On Thu, Jul 30, 2015 at 1:23 AM Fotis Georgatos <[email protected]> wrote:

> I would lobby for a R/3.2.2 build (release to come out mid August),
> incorporating as much collective wisdom as possible, perhaps tuned for bio
> needs.
> What would you think? A PR upon 3.2.1 could be a first approximation of it.


I settled with the following approach (which to me is agnostic to the field
of research):

These are the default things of an R stack:

Rstack.eb:

# this is just drafted but I hope you get the idea
version = "3.2.0" # right now creating 3.2.1
depends = (
"R" # no packages at all not even recommended
"Rprofile" # just sets R_PROFILE, R_ENVIRON
"Rlib" # site-wide libraries that should be available also holds
dependencies for stuff like GLPK, MySQL, Postgres.....
)

Rprofile and Rlib are separated because I found that there are more often
than not settings to be changed for users and this keeps reinstallation
times way down since I don't have to rebuild the whole library.

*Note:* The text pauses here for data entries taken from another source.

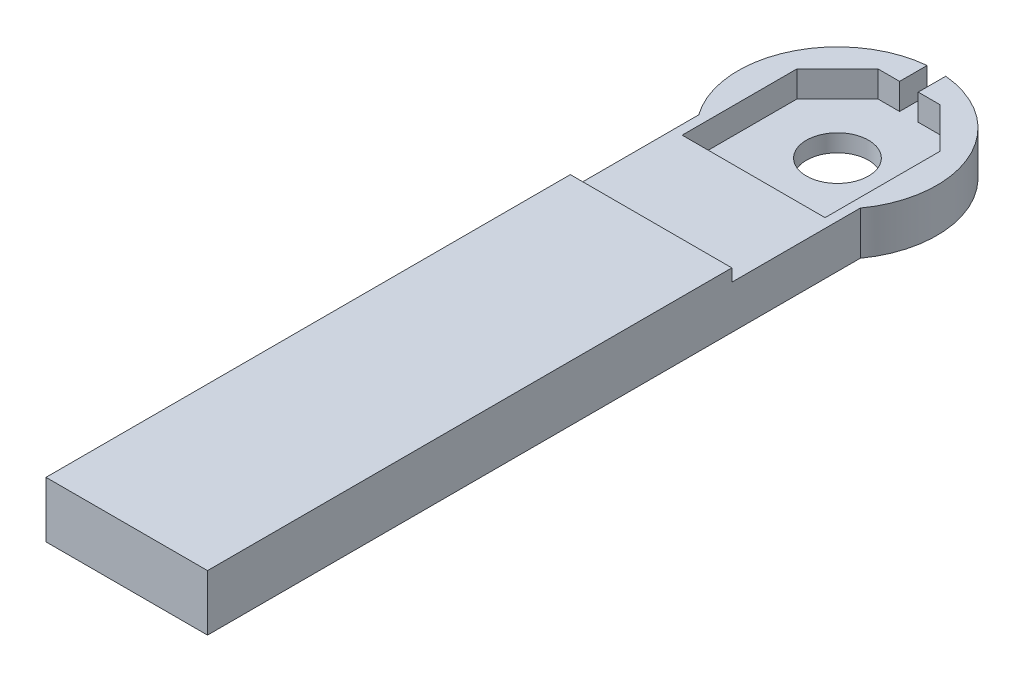
SolidWorks part; units mm, degrees
ref_plane "Front Plane" through (0, 0, 0) normal (0, 0, 1) x (1, 0, 0)
ref_plane "Top Plane" through (0, 0, 0) normal (0, 1, 0) x (1, 0, 0)
ref_plane "Right Plane" through (0, 0, 0) normal (1, 0, 0) x (0, 0, -1)
sketch "Sketch1" plane through (0, 0, 0) normal (0, 1, 0) x (1, 0, 0)
  line L0 (-5.75, -999.648) -> (-5.75, 49000.352) construction
  line L1 (5.75, -999.7466) -> (5.75, 49000.2534) construction
  line L2 (-1004.7888, 5.75) -> (-0.75, 5.75) construction
  line L3 (-1005.0845, -6.75) -> (48994.9155, -6.75) construction
  line L4 (0, 0) -> (0, 5.75) construction
  line L5 (-2.5, 5.75) -> (-0.75, 5.75)
  line L6 (-0.75, 5.75) -> (-0.75, 7.9648)
  line L7 (0.75, 5.75) -> (0.75, 7.9648)
  line L8 (-1002.9652, 2.5) -> (48997.0348, 2.5) construction
  line L9 (-5.75, 2.5) -> (-2.5, 5.75)
  line L10 (2.5, 5.75) -> (5.75, 2.5)
  line L12 (-8, -20) -> (8, -20)
  line L14 (-5.75, 2.5) -> (-5.75, -6.75)
  line L15 (-5.75, -6.75) -> (5.75, -6.75)
  line L16 (5.75, -6.75) -> (5.75, 2.5)
  line L17 (0.75, 5.75) -> (48995.2112, 5.75) construction
  line L18 (0.75, 5.75) -> (2.5, 5.75)
  line L19 (-6.5, -4.6637) -> (-6.5, -15)
  line L20 (-6.5, -15) -> (6.5, -15)
  line L21 (6.5, -15) -> (6.5, -4.6637)
  arc A0 (6.5, -4.6637) -> (-6.5, -4.6637) centre (0, 0) ccw
  arc A1 (-0.75, 7.9648) -> (0.75, 7.9648) centre (0, 0) cw
  point P15 (0, 5.75)
  dimension "D1" = 16
  dimension "D2" = 6.75
  dimension "D3" = 11.5
  dimension "D4" = 5.75
  dimension "D5" = 5.75
  dimension "D6" = 5
  dimension "D7" = 0.75
  dimension "D8" = 0.75
  dimension "D9" = 2.5
  dimension "D10" = 13
  dimension "D11" = 2.5
  dimension "D12" = 6.5
  dimension "D13" = 15
extrude "Boss-Extrude1" add sketch "Sketch1" along normal blind 2.1
sketch "Sketch2" plane through (0, 0, 0) normal (0, 1, 0) x (1, 0, 0)
  line L0 (6.5, -4.6637) -> (6.5, -15)
  line L1 (6.5, -15) -> (-6.5, -15)
  line L2 (-6.5, -15) -> (-6.5, -4.6637)
  line L3 (-5.75, 2.5) -> (-5.75, -6.75) construction
  line L4 (5.75, -6.75) -> (5.75, 2.5) construction
  line L5 (-6.5, -4.6637) -> (-6.5, -15) construction
  line L6 (-5, -5.5) -> (-5, -6.75)
  line L7 (-5, -6.75) -> (-3.5, -6.75)
  line L8 (-3.5, -6.75) -> (-3.5, -5.5)
  line L9 (3.5, -5.5) -> (3.5, -6.75)
  line L10 (3.5, -6.75) -> (5, -6.75)
  line L11 (5, -6.75) -> (5, -5.5)
  line L12 (6.5, -15) -> (6.5, -4.6637) construction
  line L13 (-6.5, -15) -> (6.5, -15) construction
  arc A0 (6.5, -4.6637) -> (-6.5, -4.6637) centre (0, 0) ccw
  arc A1 (6.5, -4.6637) -> (-6.5, -4.6637) centre (0, 0) ccw construction
  circle A2 centre (0, 0) radius 2.5
  arc A3 (-3.5, -5.5) -> (-5, -5.5) centre (-4.25, -5.5) ccw
  arc A4 (5, -5.5) -> (3.5, -5.5) centre (4.25, -5.5) ccw
  arc A5 (6.5, -4.6637) -> (0.75, 7.9648) centre (0, 0) ccw construction
  dimension "D1" = 5
  dimension "D6" = 1.5
  dimension "D7" = 1.5
  dimension "D2" = 1.5
  dimension "D3" = 1.5
  dimension "D4" = 5.5
  dimension "D5" = 5.5
  dimension "D8" = 1.25
  dimension "D9" = 1.25
extrude "Boss-Extrude2" add sketch "Sketch2" against normal blind 1.4
ref_plane "Plane1" through (0, 0, 57.2) normal (0, 0, 1) x (1, 0, 0)
sketch "Sketch4" plane through (0, 0, 15) normal (0, 0, 1) x (1, 0, 0)
  line L0 (6.5, 2.1) -> (6.5, -1.4) construction
  line L1 (-6.5, -1.4) -> (6.5, -1.4)
  line L2 (-6.5, -1.4) -> (-6.5, 3.1)
  line L3 (-6.5, 3.1) -> (6.5, 3.1)
  line L4 (6.5, -1.4) -> (6.5, 3.1)
  dimension "D1" = 4.5
extrude "Boss-Extrude3" add sketch "Sketch4" along normal up to surface (42.2 mm away) up to plane "Plane1"
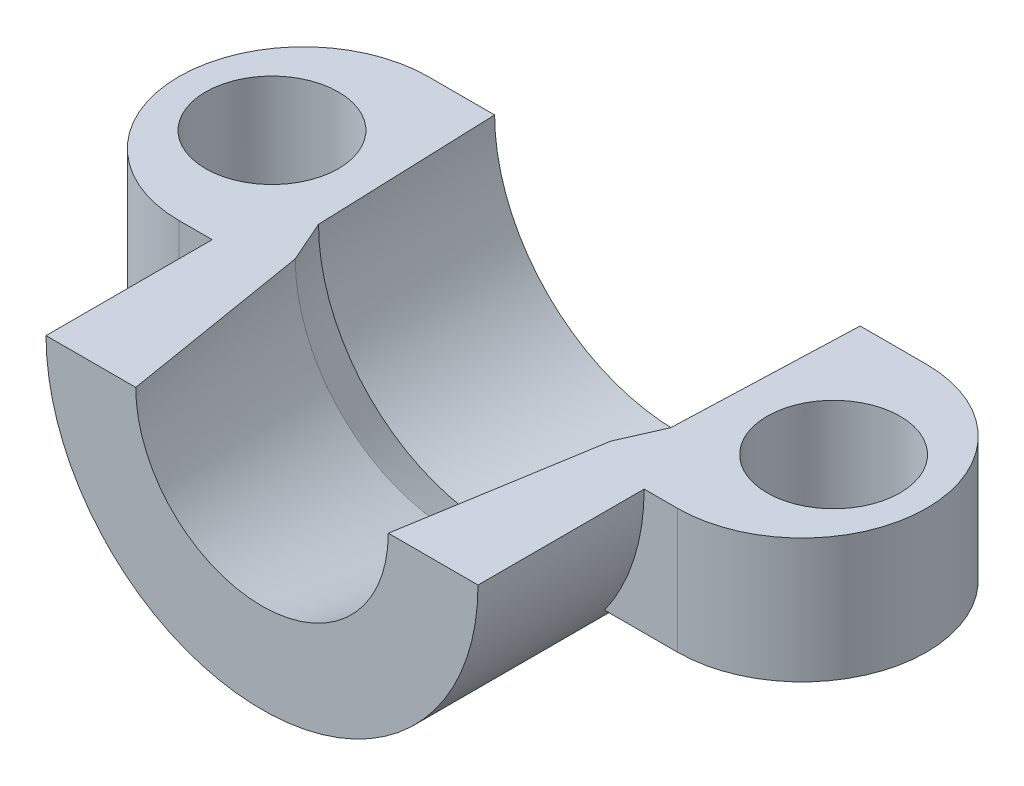
SolidWorks part; units mm, degrees
material "Thornel Mat VMA"
ref_plane "Front Plane" through (0, 0, 0) normal (0, 0, 1) x (1, 0, 0)
ref_plane "Top Plane" through (0, 0, 0) normal (0, 1, 0) x (1, 0, 0)
ref_plane "Right Plane" through (0, 0, 0) normal (1, 0, 0) x (0, 0, -1)
sketch "Sketch1" plane through (0, 0, 0) normal (0, 0, 1) x (1, 0, 0)
  circle A0 centre (0, 0) radius 13
  dimension "D1" = 26
extrude "Boss-Extrude1" add sketch "Sketch1" against normal blind 25
sketch "Sketch2" plane through (0, 0, 0) normal (1, 0, 0) x (0, 0, -1)
  line L0 (0, 0) -> (0, 7.6)
  line L1 (0, 13) -> (0, -13) construction
  line L2 (0, 7.6) -> (11.5, 9.5)
  line L3 (11.5, 9.5) -> (14, 10.6)
  line L5 (25, -13) -> (25, 13) construction
  line L6 (25, 11) -> (25, 0)
  line L7 (25, 0) -> (0, 0)
  line L8 (14, 10.6) -> (25, 11)
  dimension "D1" = 7.6
  dimension "D2" = 9.5
  dimension "D3" = 10.6
  dimension "D4" = 11
  dimension "D5" = 11
  dimension "D6" = 13.5
revolve "Cut-Revolve1" cut sketch "Sketch2" angle 360 about L7
sketch "Sketch3" plane through (0, 0, 0) normal (0, 1, 0) x (1, 0, 0)
  line L0 (-13, 25) -> (-13, 10)
  line L1 (-13, 25) -> (-13, 0) construction
  line L2 (-13, 10) -> (-15, 10)
  line L3 (-13, 25) -> (-15, 25)
  line L4 (0, 0) -> (0, 26.1438) construction
  line L8 (13, 25) -> (15, 25)
  line L9 (13, 10) -> (15, 10)
  line L10 (13, 25) -> (13, 10)
  arc A0 (-15, 10) -> (-15, 25) centre (-15, 17.5) cw
  arc A2 (15, 10) -> (15, 25) centre (15, 17.5) ccw
  dimension "D1" = 15
  dimension "D2" = 2
extrude "Boss-Extrude2" add sketch "Sketch3" along normal mid plane 15
sketch "Sketch4" plane through (0, 0, -25) normal (0, 0, -1) x (-1, 0, 0)
  line L11 (-13, 7.5) -> (-13, -7.5)
  line L12 (-13, -7.5) -> (-8.0467, -7.5)
  line L14 (13, 7.5) -> (13, -7.5)
  line L20 (-8.0467, 7.5) -> (-13, 7.5)
  line L21 (13, -7.5) -> (8.0467, -7.5)
  line L23 (8.0467, 7.5) -> (13, 7.5)
  arc A6 (-8.0467, 7.5) -> (-8.0467, -7.5) centre (0, 0) ccw
  circle A7 centre (0, 0) radius 11 construction
  arc A9 (8.0467, -7.5) -> (8.0467, 7.5) centre (0, 0) ccw
extrude "Boss-Extrude3" add sketch "Sketch4" against normal blind 15
sketch "Sketch5" plane through (0, 7.5, 0) normal (0, 1, 0) x (1, 0, 0)
  circle A2 centre (16.9, 17.5) radius 3
  arc A4 (-15, 25) -> (-15, 10) centre (-15, 17.5) ccw construction
  arc A7 (15, 10) -> (15, 25) centre (15, 17.5) ccw construction
  circle A8 centre (-16.9, 17.5) radius 3
  point P10 (22.5, 17.5)
  point P11 (-22.5, 17.5)
  dimension "D1" = 6
  dimension "D2" = 5.6
  dimension "D3" = 5.6
extrude "Cut-Extrude1" cut sketch "Sketch5" against normal through all
sketch "Sketch6" plane through (0, 7.5, 0) normal (0, 1, 0) x (1, 0, 0)
  circle A0 centre (-16.9, 17.5) radius 4.45
  circle A1 centre (16.9, 17.5) radius 4.45
  circle A2 centre (-16.9, 17.5) radius 3 construction
  circle A3 centre (16.9, 17.5) radius 3 construction
  dimension "D1" = 8.9
extrude "Cut-Extrude2" cut sketch "Sketch6" against normal blind 3
sketch "Sketch7" plane through (0, -7.5, 0) normal (0, -1, 0) x (1, 0, 0)
  circle A0 centre (-16.9, -17.5) radius 4
  circle A1 centre (16.9, -17.5) radius 4
  circle A2 centre (-16.9, -17.5) radius 3 construction
  dimension "D1" = 8
extrude "Cut-Extrude3" cut sketch "Sketch7" against normal blind 7.5
sketch "Sketch8" plane through (0, 0, 0) normal (0, 1, 0) x (1, 0, 0)
  line L0 (0, 0) -> (0, 55.5084) construction
  line L1 (-25, 39.0176) -> (25, 39.0176)
  line L2 (-25, 39.0176) -> (-25, -10.9824)
  line L3 (-25, -10.9824) -> (25, -10.9824)
  line L4 (25, 39.0176) -> (25, -10.9824)
  dimension "D1" = 50
  dimension "D2" = 50
  dimension "D3" = 25
extrude "Cut-Extrude4" cut sketch "Sketch8" along normal through all
equation "\"D3@Sketch5\"=\"D2@Sketch5\""

Rlib is basically an empty easybuild with a bunch of dependencies and a
directory "site-library" -- I guess it could be external but the dependency
resolution mechanism of EB is just nice to have and e.g. have stuff like
protocol buffers in "the right place". This keeps R itself rather clean but
still enable the use of a "batteries included" R install.

I'm still thinking about how to do the same with Python. I'd like to have a
bare python and one (or maybe a few) libraries that can then be loaded. As
opposed to "full fledged python install" or "one module per package".